═══ Material for this task ═══

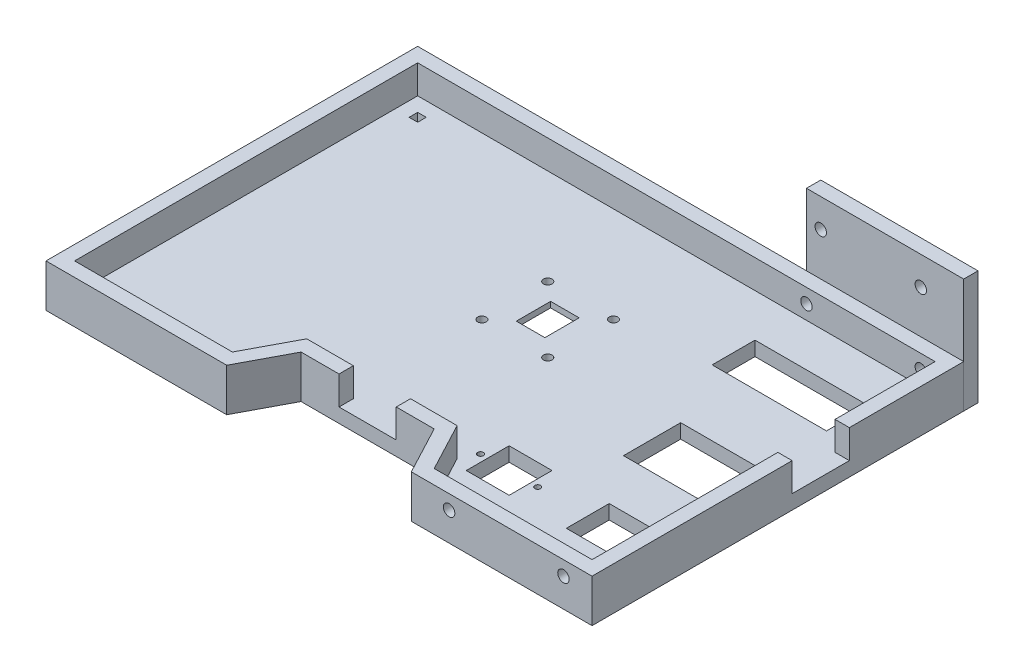
from build123d import *

# Parameters (mm, degrees)
BOSS_EXTRUDE2_DEPTH     = 15
SHELL1_T                = -5
CUT_EXTRUDE2_DEPTH      = 117.491415993
CUT_EXTRUDE2_DEPTH_BACK = 117.491415993
SKETCH4_R               = 1
SKETCH4_W               = 10
SKETCH4_H               = 12
SKETCH4_W_2             = 27
SKETCH4_H_2             = 20
SKETCH4_W_3             = 15
SKETCH4_H_3             = 15
SKETCH4_W_4             = 40
SKETCH5_W               = 3
SKETCH5_H               = 3
CUT_EXTRUDE4_DEPTH      = 117.491415993
SKETCH6_W               = 55
SKETCH6_H               = 40
SKETCH6_R               = 2
BOSS_EXTRUDE3_DEPTH     = 5
CUT_EXTRUDE5_DEPTH      = 171.133036181
CUT_EXTRUDE5_DEPTH_BACK = 171.133036181
SKETCH7_R               = 2
CHAMFER2_SIZE           = 3
SKETCH10_R              = 1.5
CUT_EXTRUDE6_DEPTH      = 5
SKETCH11_W              = 20
SKETCH11_H              = 10
CUT_EXTRUDE7_DEPTH      = 5
SKETCH12_W              = 20
SKETCH12_H              = 15
CUT_EXTRUDE8_DEPTH      = 6


with BuildPart() as part:
    # Sketch3 → Boss-Extrude2 (new body)
    with BuildSketch(Plane(origin=(0, 0, 0), x_dir=(1, 0, 0), z_dir=(0, 1, 0))):
        Polygon((95.5, 65), (-95.5, 65), (-95.5, -65), (-32.285430092, -65), (-23.285430092, -48), (23.285430092, -48), (32.285430092, -65), (95.5, -65), align=None)
    extrude(amount=BOSS_EXTRUDE2_DEPTH)

    # Shell1
    shell1_openings = [part.faces().sort_by_distance(p)[0] for p in [
        (0, 15, -2.252821678),
    ]]
    offset(amount=SHELL1_T, openings=shell1_openings, kind=Kind.INTERSECTION)

    # Sketch4 → Cut-Extrude2 (cut, two sides: drawn at the far end of the back side and taken through both)
    with BuildSketch(Plane(origin=(0, 0, 0), x_dir=(1, 0, 0), z_dir=(0, 1, 0)).offset(-CUT_EXTRUDE2_DEPTH_BACK)):
        with Locations((29, -37.5)):
            Circle(SKETCH4_R)
        with Locations((49, -37.5)):
            Circle(SKETCH4_R)
        with Locations((0, 15)):
            Rectangle(SKETCH4_W, SKETCH4_H)
        with Locations((68, -3)):
            Rectangle(SKETCH4_W_2, SKETCH4_H_2)
        with Locations((74, -37.5)):
            Rectangle(SKETCH4_W_3, SKETCH4_H_3)
        with Locations((39, -37.5)):
            Rectangle(SKETCH4_W_3, SKETCH4_H_3)
        with Locations((62.5, 37.5)):
            Rectangle(SKETCH4_W_4, SKETCH4_H_3)
    extrude(amount=CUT_EXTRUDE2_DEPTH + CUT_EXTRUDE2_DEPTH_BACK, mode=Mode.SUBTRACT)

    # Sketch5 → Cut-Extrude4 (cut, through all)
    with BuildSketch(Plane(origin=(0, 0, 0), x_dir=(1, 0, 0), z_dir=(0, 1, 0))):
        with Locations((-84, 53.5)):
            Rectangle(SKETCH5_W, SKETCH5_H)
        with Locations((84, 53.5)):
            Rectangle(SKETCH5_W, SKETCH5_H)
        with Locations((84, -53.5)):
            Rectangle(SKETCH5_W, SKETCH5_H)
        with Locations((-84, -53.5)):
            Rectangle(SKETCH5_W, SKETCH5_H)
    extrude(amount=CUT_EXTRUDE4_DEPTH, mode=Mode.SUBTRACT)


with BuildPart() as body_2:
    # Sketch6 → Boss-Extrude3 (new body)
    with BuildSketch(Plane(origin=(0, 0, -65), x_dir=(-1, 0, 0), z_dir=(0, 0, -1))):
        with Locations((-68, 20)):
            Rectangle(SKETCH6_W, SKETCH6_H)
        with Locations((-80.5, 30)):
            Circle(SKETCH6_R, mode=Mode.SUBTRACT)
        with Locations((-45.5, 30)):
            Circle(SKETCH6_R, mode=Mode.SUBTRACT)
    extrude(amount=BOSS_EXTRUDE3_DEPTH)


with BuildPart() as cut_extrude5_tool:
    # Sketch7 → Cut-Extrude5 (new, two sides: drawn at the far end of the back side and taken through both)
    with BuildSketch(Plane(origin=(0, 0, -70), x_dir=(-1, 0, 0), z_dir=(0, 0, -1)).offset(-CUT_EXTRUDE5_DEPTH_BACK)):
        with Locations((-85.5, 10)):
            Circle(SKETCH7_R)
        with Locations((-45.5, 10)):
            Circle(SKETCH7_R)
    extrude(amount=CUT_EXTRUDE5_DEPTH + CUT_EXTRUDE5_DEPTH_BACK)


with BuildPart() as part_1:
    add(part.part)

    # Cut-Extrude5: cut by cut_extrude5_tool
    add(cut_extrude5_tool.part, mode=Mode.SUBTRACT)

    # Chamfer2
    chamfer2_edges = [part_1.edges().sort_by_distance(p)[0] for p in [
        (0, 0, -21),
        (5, 0, -15),
        (0, 0, -9),
        (-5, 0, -15),
    ]]
    chamfer(chamfer2_edges, length=CHAMFER2_SIZE)

    # Sketch10 → Cut-Extrude6 (cut)
    with BuildSketch(Plane.XZ):
        with Locations((11.5, -3.5)):
            Circle(SKETCH10_R)
        with Locations((11.5, -26.5)):
            Circle(SKETCH10_R)
        with Locations((-11.5, -26.5)):
            Circle(SKETCH10_R)
        with Locations((-11.5, -3.5)):
            Circle(SKETCH10_R)
    extrude(amount=-CUT_EXTRUDE6_DEPTH, mode=Mode.SUBTRACT)

    # Sketch11 → Cut-Extrude7 (cut)
    with BuildSketch(Plane.XY.offset(48)):
        with Locations((0, 10)):
            Rectangle(SKETCH11_W, SKETCH11_H)
    extrude(amount=-CUT_EXTRUDE7_DEPTH, mode=Mode.SUBTRACT)

    # Sketch12 → Cut-Extrude8 (cut)
    with BuildSketch(Plane(origin=(95.5, 0, 0), x_dir=(0, 0, -1), z_dir=(1, 0, 0))):
        with Locations((15, 12.5)):
            Rectangle(SKETCH12_W, SKETCH12_H)
    extrude(amount=-CUT_EXTRUDE8_DEPTH, mode=Mode.SUBTRACT)


with BuildPart() as body_2_1:
    add(body_2.part)

    # Cut-Extrude5: cut by cut_extrude5_tool
    add(cut_extrude5_tool.part, mode=Mode.SUBTRACT)


solid = Compound([part_1.part, body_2_1.part])

═══

**Task:** Only lines with the word "side" count here; copy every one from the records.

**Response box:**
    # Sketch4 → Cut-Extrude2 (cut, two sides: drawn at the far end of the back side and taken through both)
    # Sketch7 → Cut-Extrude5 (new, two sides: drawn at the far end of the back side and taken through both)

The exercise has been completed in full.